:: DATA ::

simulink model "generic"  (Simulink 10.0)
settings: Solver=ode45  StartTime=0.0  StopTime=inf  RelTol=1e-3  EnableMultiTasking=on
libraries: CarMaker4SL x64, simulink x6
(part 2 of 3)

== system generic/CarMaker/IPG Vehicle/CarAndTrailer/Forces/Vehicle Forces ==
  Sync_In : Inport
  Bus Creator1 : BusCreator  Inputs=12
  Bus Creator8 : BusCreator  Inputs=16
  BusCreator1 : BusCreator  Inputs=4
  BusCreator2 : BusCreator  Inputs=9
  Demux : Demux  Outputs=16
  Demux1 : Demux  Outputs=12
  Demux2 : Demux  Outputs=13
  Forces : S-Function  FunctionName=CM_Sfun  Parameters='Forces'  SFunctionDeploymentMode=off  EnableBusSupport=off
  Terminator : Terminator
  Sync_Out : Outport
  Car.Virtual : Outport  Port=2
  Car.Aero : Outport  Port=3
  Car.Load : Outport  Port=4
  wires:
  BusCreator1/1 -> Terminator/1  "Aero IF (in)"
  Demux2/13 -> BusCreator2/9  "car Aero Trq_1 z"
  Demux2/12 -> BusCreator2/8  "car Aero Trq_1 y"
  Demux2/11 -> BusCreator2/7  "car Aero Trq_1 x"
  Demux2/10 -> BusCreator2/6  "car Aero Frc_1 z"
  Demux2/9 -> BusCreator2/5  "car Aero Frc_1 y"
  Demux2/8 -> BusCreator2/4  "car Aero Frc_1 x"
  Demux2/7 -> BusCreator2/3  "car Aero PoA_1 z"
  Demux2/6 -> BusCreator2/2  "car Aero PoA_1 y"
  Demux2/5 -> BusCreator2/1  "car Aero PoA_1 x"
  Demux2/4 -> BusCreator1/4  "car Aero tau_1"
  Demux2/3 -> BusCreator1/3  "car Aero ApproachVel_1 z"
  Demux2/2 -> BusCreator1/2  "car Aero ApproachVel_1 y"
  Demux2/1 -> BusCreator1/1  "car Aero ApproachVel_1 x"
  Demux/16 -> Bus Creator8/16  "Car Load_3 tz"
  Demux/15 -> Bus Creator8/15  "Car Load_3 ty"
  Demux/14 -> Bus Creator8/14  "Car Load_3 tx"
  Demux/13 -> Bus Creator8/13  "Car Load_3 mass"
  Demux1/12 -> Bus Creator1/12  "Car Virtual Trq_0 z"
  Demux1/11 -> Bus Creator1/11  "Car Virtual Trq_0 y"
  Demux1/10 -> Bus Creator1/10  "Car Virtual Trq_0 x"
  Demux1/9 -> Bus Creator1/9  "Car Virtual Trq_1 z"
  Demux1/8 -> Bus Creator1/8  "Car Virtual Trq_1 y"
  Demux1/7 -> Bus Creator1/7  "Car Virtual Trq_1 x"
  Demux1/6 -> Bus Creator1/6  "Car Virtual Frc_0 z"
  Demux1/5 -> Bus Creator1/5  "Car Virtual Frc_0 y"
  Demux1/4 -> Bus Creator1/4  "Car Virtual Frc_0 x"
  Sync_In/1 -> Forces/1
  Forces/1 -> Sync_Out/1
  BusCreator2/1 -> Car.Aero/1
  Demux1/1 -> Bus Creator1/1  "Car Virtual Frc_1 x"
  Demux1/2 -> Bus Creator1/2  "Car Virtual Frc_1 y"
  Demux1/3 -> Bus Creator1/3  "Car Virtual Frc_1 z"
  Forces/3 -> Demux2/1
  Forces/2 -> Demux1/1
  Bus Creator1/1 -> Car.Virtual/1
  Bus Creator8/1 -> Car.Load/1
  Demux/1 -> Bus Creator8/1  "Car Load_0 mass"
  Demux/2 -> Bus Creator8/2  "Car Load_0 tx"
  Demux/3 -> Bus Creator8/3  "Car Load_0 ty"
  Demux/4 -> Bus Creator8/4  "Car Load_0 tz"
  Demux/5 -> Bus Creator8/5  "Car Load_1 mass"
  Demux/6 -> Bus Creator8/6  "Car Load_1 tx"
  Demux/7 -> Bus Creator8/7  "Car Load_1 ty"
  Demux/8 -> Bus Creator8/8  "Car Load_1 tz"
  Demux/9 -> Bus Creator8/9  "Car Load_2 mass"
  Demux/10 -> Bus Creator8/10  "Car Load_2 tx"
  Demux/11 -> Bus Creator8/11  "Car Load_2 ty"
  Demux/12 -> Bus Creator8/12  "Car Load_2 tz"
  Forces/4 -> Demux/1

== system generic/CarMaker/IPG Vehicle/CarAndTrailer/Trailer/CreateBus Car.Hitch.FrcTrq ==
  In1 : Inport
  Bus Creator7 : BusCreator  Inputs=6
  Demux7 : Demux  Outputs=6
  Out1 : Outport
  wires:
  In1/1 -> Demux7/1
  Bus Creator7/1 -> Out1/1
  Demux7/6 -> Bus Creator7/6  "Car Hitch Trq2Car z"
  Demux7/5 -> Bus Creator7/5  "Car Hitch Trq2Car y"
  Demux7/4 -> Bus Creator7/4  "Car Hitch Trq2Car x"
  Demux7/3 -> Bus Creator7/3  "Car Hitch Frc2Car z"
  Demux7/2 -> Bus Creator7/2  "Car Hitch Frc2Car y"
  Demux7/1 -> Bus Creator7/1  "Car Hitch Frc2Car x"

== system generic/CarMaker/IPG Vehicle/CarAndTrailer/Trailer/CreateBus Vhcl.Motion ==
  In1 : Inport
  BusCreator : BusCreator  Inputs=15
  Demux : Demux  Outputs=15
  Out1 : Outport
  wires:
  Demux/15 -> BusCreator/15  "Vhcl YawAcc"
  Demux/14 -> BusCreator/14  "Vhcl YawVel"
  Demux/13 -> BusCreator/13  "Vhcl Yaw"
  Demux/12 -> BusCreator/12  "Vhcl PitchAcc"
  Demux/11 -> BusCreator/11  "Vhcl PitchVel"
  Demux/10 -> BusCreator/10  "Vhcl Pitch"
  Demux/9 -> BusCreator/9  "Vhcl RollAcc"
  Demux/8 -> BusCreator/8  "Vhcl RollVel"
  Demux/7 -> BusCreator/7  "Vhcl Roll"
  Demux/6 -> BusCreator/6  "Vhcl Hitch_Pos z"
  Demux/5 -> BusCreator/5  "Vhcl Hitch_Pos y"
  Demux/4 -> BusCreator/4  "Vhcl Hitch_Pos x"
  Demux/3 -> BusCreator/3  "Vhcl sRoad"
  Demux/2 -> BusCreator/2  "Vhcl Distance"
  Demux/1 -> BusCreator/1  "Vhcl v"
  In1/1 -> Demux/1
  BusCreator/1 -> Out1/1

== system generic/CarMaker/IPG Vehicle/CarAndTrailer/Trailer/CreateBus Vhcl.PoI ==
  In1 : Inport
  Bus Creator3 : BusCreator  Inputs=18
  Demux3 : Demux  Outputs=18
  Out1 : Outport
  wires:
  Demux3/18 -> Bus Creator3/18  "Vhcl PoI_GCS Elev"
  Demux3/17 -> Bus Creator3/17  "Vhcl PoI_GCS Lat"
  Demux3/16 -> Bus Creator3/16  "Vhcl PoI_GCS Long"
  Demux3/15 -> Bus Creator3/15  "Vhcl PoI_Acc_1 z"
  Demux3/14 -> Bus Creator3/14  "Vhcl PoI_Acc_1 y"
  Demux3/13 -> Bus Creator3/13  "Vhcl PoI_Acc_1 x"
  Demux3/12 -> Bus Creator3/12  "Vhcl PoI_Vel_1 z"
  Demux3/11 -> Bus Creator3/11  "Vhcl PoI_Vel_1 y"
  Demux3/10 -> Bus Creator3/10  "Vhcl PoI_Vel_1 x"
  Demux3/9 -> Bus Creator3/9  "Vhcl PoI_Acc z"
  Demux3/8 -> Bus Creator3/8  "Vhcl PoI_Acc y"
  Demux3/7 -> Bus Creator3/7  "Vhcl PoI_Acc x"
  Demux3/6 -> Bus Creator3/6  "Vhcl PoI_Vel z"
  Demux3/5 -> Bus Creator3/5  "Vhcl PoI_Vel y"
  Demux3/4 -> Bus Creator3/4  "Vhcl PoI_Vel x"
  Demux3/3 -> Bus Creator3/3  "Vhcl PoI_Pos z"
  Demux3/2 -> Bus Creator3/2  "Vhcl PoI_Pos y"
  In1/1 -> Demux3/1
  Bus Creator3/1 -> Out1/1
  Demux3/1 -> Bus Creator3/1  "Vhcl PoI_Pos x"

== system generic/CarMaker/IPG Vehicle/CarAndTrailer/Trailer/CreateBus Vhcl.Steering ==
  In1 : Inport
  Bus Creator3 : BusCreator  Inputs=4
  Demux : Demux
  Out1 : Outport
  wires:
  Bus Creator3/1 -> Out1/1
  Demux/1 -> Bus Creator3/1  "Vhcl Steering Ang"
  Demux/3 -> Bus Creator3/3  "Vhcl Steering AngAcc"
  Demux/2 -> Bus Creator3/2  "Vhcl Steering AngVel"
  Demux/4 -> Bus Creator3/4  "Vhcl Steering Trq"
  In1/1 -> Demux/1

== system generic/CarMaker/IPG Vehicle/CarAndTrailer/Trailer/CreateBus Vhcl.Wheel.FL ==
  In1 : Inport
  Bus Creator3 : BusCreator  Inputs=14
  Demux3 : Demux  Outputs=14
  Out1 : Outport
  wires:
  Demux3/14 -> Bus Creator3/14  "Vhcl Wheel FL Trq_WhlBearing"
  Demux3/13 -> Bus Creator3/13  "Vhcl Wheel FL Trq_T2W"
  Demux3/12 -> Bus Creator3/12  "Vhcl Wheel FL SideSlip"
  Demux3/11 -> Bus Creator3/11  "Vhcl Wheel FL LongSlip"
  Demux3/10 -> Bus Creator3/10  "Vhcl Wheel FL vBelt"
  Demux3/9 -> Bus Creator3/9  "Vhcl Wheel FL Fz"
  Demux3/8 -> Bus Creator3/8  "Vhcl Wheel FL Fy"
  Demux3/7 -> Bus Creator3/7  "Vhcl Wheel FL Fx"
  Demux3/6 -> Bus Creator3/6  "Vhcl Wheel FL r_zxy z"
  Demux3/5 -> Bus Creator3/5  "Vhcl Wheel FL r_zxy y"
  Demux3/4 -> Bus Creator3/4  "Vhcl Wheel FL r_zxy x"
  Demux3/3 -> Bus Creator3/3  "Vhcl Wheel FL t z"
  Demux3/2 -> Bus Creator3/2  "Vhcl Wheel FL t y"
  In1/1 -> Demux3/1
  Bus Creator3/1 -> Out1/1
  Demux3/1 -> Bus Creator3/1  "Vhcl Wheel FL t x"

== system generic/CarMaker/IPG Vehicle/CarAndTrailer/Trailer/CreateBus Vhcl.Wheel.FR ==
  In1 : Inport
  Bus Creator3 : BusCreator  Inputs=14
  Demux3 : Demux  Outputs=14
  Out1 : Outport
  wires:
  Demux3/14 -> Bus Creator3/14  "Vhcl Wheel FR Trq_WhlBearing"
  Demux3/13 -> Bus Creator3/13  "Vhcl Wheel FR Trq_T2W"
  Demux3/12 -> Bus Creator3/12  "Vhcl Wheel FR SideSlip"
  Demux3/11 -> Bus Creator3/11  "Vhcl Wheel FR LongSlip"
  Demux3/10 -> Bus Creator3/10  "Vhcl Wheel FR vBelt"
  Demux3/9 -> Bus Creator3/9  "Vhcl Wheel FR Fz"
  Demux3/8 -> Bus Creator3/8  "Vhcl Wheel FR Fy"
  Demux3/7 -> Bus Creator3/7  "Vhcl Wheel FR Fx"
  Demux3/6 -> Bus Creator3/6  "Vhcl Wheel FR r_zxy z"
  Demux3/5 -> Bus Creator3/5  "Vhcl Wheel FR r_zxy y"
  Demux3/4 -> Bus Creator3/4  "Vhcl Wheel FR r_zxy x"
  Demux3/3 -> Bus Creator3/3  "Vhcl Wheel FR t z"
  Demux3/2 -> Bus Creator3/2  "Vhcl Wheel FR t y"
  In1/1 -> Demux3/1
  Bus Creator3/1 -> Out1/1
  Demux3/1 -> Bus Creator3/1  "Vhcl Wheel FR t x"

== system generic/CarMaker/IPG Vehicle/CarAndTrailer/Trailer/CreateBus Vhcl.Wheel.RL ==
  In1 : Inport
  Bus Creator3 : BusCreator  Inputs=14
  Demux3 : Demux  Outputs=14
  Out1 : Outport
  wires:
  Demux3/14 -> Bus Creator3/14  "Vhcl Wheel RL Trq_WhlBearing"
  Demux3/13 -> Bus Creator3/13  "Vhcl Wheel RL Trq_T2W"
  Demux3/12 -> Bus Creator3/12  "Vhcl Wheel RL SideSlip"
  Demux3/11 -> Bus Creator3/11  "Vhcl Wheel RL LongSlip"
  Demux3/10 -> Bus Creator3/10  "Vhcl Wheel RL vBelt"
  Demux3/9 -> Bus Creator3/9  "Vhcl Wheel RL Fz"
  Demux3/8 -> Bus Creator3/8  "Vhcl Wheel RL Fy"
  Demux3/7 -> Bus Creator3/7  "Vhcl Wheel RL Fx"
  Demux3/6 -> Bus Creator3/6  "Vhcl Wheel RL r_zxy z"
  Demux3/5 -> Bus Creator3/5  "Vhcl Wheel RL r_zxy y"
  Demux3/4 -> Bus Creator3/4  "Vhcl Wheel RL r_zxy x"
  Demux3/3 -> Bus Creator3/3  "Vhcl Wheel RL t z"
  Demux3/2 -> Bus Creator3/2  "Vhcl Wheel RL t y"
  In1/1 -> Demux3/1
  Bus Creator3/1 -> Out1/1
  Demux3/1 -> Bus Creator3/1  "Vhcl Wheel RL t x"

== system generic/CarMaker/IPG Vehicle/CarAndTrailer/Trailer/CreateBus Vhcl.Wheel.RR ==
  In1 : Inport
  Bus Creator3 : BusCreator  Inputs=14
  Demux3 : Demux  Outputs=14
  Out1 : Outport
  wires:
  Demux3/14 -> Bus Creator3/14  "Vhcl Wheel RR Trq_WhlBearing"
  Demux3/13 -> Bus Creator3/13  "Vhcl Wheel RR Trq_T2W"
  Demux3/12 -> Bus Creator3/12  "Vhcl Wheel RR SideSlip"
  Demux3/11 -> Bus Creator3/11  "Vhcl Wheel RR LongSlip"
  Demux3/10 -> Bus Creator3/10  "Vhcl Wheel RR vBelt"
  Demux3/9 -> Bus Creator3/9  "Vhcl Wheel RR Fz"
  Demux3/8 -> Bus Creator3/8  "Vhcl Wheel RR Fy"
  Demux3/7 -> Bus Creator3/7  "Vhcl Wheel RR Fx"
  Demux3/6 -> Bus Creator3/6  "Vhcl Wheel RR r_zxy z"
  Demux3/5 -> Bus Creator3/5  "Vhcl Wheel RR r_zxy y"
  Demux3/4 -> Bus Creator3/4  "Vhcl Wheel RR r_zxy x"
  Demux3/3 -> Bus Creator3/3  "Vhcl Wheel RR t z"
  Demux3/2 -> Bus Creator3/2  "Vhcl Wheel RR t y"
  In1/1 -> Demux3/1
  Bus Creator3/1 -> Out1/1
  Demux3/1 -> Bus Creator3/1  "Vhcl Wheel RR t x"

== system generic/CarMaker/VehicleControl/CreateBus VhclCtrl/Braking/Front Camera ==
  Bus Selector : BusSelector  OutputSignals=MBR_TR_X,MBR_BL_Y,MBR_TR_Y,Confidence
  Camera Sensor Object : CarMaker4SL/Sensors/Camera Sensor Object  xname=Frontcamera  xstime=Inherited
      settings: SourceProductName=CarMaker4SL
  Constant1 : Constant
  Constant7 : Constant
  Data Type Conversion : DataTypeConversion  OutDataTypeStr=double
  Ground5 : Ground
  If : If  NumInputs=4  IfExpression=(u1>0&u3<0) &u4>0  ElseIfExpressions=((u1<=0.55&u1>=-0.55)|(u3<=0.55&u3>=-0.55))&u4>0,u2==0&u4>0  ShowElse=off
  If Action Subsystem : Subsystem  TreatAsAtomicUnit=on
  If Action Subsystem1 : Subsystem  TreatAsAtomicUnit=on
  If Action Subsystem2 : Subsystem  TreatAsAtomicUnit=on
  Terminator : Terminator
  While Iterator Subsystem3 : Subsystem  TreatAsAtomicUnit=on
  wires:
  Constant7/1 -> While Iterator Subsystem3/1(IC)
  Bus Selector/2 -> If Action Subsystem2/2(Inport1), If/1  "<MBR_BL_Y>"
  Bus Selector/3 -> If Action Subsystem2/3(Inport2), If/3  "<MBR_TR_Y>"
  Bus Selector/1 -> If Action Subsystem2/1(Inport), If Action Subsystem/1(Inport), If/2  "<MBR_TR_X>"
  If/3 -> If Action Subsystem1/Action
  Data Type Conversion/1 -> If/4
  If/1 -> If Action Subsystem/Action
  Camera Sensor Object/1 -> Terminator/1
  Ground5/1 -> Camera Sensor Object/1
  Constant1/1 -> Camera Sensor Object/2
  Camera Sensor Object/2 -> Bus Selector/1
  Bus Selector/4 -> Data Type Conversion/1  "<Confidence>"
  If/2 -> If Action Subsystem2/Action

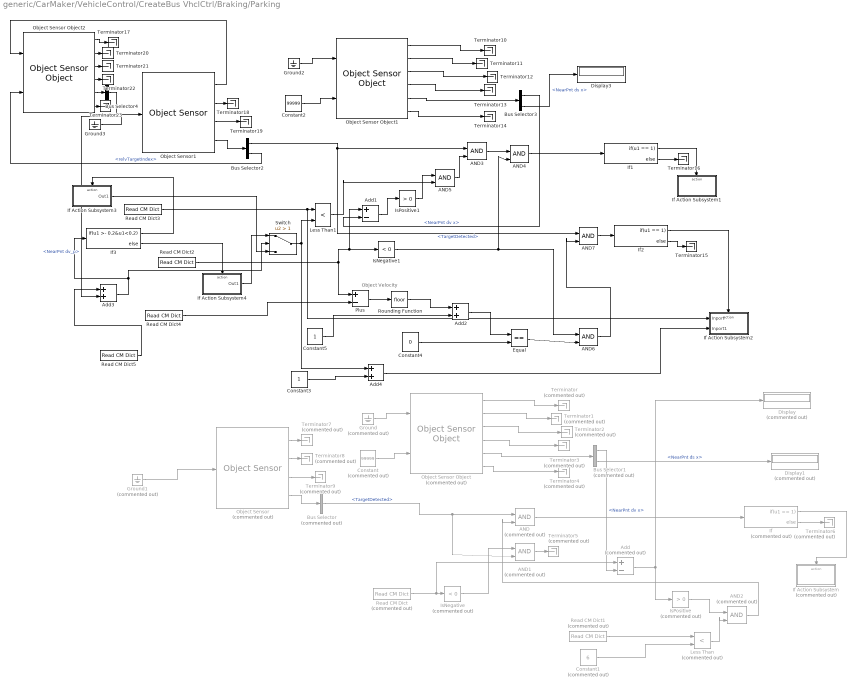
== system generic/CarMaker/VehicleControl/CreateBus VhclCtrl/Braking/Parking ==
  note: Object Velocity
  AND : Logic  Commented=on  IconShape=distinctive  AllPortsSameDT=off  OutDataTypeStr=boolean
  AND1 : Logic  Commented=on  IconShape=distinctive  AllPortsSameDT=off  OutDataTypeStr=boolean
  AND2 : Logic  Commented=on  IconShape=distinctive  AllPortsSameDT=off  OutDataTypeStr=boolean
  AND{3..7} (5 alike) : Logic  IconShape=distinctive  AllPortsSameDT=off  OutDataTypeStr=boolean
  Add : Sum  Commented=on  Inputs=+-
  Add1 : Sum  Inputs=+-
  Add2 : Sum
  Add3 : Sum
  Add4 : Sum
  Bus Selector : BusSelector  Commented=on  OutputSignals=TargetDetected
  Bus Selector1 : BusSelector  Commented=on  OutputSignals=NearPnt dv x,NearPnt ds x
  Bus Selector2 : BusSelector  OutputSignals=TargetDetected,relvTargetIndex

:::

## YOUR OBJECTIVE
Copy the stretch of the records above that runs from the line with "AND2 : Logic" through the line with "Bus Selector1 : BusSelector". Both end lines belong in the copy, and nothing else does.

## RESULT
  AND2 : Logic  Commented=on  IconShape=distinctive  AllPortsSameDT=off  OutDataTypeStr=boolean
  AND{3..7} (5 alike) : Logic  IconShape=distinctive  AllPortsSameDT=off  OutDataTypeStr=boolean
  Add : Sum  Commented=on  Inputs=+-
  Add1 : Sum  Inputs=+-
  Add2 : Sum
  Add3 : Sum
  Add4 : Sum
  Bus Selector : BusSelector  Commented=on  OutputSignals=TargetDetected
  Bus Selector1 : BusSelector  Commented=on  OutputSignals=NearPnt dv x,NearPnt ds x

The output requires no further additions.